Theoretically, humans could have cells taken from them to create a ‘clone’ which would be used to harvest organs and thus beat disease.

Dr Foster continued: “If therapeutic cloning were used to produce individuals from whom organs or tissues could be harvested, there would be concerns about instrumentalization: the person would not have been created because she was wanted for herself, but because a particular type of tissue or organ was wanted. 

“We simply don’t know what that would do to the psyche of the cloned person, or to the network of relationships that would be produced by her birth.”

He argued that this “would produce a whole new set of relationships between humans”, which no one has the knowledge to understand.

While he argues that therapeutic cloning might become common, reproductive cloning – where cells are cloned to produce a genetically identical being – will never catch on.

Dr Foster states: “I doubt that human reproductive cloning will ever be common.

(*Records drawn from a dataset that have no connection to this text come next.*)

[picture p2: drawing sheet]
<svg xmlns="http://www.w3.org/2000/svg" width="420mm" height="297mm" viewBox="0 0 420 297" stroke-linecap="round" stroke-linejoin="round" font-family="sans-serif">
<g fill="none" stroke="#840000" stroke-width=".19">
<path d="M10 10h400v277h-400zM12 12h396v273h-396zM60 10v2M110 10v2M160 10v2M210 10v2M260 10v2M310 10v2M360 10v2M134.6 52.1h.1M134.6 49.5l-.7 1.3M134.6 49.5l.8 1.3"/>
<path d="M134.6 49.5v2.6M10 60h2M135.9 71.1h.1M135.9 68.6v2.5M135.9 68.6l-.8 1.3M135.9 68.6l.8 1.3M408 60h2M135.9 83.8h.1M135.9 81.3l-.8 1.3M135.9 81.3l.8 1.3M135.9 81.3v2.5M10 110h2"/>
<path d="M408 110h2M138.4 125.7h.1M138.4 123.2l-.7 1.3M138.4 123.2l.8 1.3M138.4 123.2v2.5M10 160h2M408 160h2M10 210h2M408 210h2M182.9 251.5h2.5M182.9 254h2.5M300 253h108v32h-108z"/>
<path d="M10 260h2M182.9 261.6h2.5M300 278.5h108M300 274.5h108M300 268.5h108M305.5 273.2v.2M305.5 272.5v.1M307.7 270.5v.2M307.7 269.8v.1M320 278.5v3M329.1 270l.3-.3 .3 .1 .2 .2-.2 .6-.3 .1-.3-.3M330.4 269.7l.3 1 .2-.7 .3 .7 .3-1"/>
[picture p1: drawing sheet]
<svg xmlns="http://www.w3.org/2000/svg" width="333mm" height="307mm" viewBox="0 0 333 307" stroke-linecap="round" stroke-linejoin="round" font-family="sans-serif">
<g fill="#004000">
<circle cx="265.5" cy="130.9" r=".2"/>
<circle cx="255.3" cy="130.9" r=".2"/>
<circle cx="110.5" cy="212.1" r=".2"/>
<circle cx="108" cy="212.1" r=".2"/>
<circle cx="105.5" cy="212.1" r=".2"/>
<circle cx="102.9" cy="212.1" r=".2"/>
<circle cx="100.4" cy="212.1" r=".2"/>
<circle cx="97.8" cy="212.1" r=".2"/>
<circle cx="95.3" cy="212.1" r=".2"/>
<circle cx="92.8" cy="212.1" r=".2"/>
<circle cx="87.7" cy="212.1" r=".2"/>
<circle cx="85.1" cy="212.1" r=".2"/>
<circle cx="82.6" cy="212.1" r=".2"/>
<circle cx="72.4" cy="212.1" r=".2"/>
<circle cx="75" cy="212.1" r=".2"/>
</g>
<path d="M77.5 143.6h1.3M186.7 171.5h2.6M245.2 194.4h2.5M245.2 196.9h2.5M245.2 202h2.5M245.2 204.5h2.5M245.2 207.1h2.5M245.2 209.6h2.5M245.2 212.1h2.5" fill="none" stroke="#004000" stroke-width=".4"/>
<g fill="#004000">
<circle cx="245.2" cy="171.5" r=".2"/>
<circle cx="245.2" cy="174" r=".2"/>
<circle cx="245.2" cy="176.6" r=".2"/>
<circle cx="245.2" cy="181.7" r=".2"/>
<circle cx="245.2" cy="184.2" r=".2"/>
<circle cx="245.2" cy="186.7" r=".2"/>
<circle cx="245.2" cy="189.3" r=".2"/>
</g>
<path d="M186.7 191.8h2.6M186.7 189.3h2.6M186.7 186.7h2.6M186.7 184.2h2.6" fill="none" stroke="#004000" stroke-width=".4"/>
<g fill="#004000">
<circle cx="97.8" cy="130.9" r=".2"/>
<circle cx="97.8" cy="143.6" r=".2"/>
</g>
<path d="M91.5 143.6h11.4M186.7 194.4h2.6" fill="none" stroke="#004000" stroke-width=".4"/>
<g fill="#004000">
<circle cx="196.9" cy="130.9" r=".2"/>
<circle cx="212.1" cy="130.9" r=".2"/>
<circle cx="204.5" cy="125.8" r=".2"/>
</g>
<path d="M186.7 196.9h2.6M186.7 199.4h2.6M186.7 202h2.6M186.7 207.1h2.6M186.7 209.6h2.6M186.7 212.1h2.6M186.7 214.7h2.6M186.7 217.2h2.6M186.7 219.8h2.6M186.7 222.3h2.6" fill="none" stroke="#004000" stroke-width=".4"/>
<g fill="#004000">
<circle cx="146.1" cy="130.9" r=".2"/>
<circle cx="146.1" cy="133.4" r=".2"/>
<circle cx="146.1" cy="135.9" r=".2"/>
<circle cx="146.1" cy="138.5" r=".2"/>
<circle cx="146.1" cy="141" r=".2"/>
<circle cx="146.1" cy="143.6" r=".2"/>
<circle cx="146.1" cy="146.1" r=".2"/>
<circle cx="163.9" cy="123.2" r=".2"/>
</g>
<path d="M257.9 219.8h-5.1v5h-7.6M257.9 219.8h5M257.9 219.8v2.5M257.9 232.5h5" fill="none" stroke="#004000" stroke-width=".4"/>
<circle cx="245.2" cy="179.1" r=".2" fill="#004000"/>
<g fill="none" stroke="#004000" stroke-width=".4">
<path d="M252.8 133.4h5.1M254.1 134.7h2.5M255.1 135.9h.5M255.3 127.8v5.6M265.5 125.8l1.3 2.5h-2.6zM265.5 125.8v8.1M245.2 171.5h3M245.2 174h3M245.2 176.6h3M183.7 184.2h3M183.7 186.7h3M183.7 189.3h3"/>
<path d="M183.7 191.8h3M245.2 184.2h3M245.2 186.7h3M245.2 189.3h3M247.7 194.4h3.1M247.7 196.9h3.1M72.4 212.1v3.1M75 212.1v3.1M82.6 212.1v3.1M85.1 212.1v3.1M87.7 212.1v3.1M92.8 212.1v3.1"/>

“There is an almost universal visceral distaste for reproductive cloning. Although that might diminish, I doubt it will disappear.”

Scientists in China have recently announced that they will open a mass-cloning factory by the end of the year, where they will be producing livestock, and hope to be mass-producing one million cows every 12 months by 2020 for human use.

This move is likely to spread around the globe as it is a cheaper alternative to farming, and Dr Foster believes that the financial benefits will outweigh the ethics.

Dr Foster added: “I think – and fear – that [cloning of animals could become more common than natural reproduction].

“The commercial pressures to produce carefully engineered meat are strong. 

“Cloned meat could therefore become cheaper than normally produced meat, and I’m not convinced that consumers will be prepared to pay the price difference for meat produced by natural reproduction.”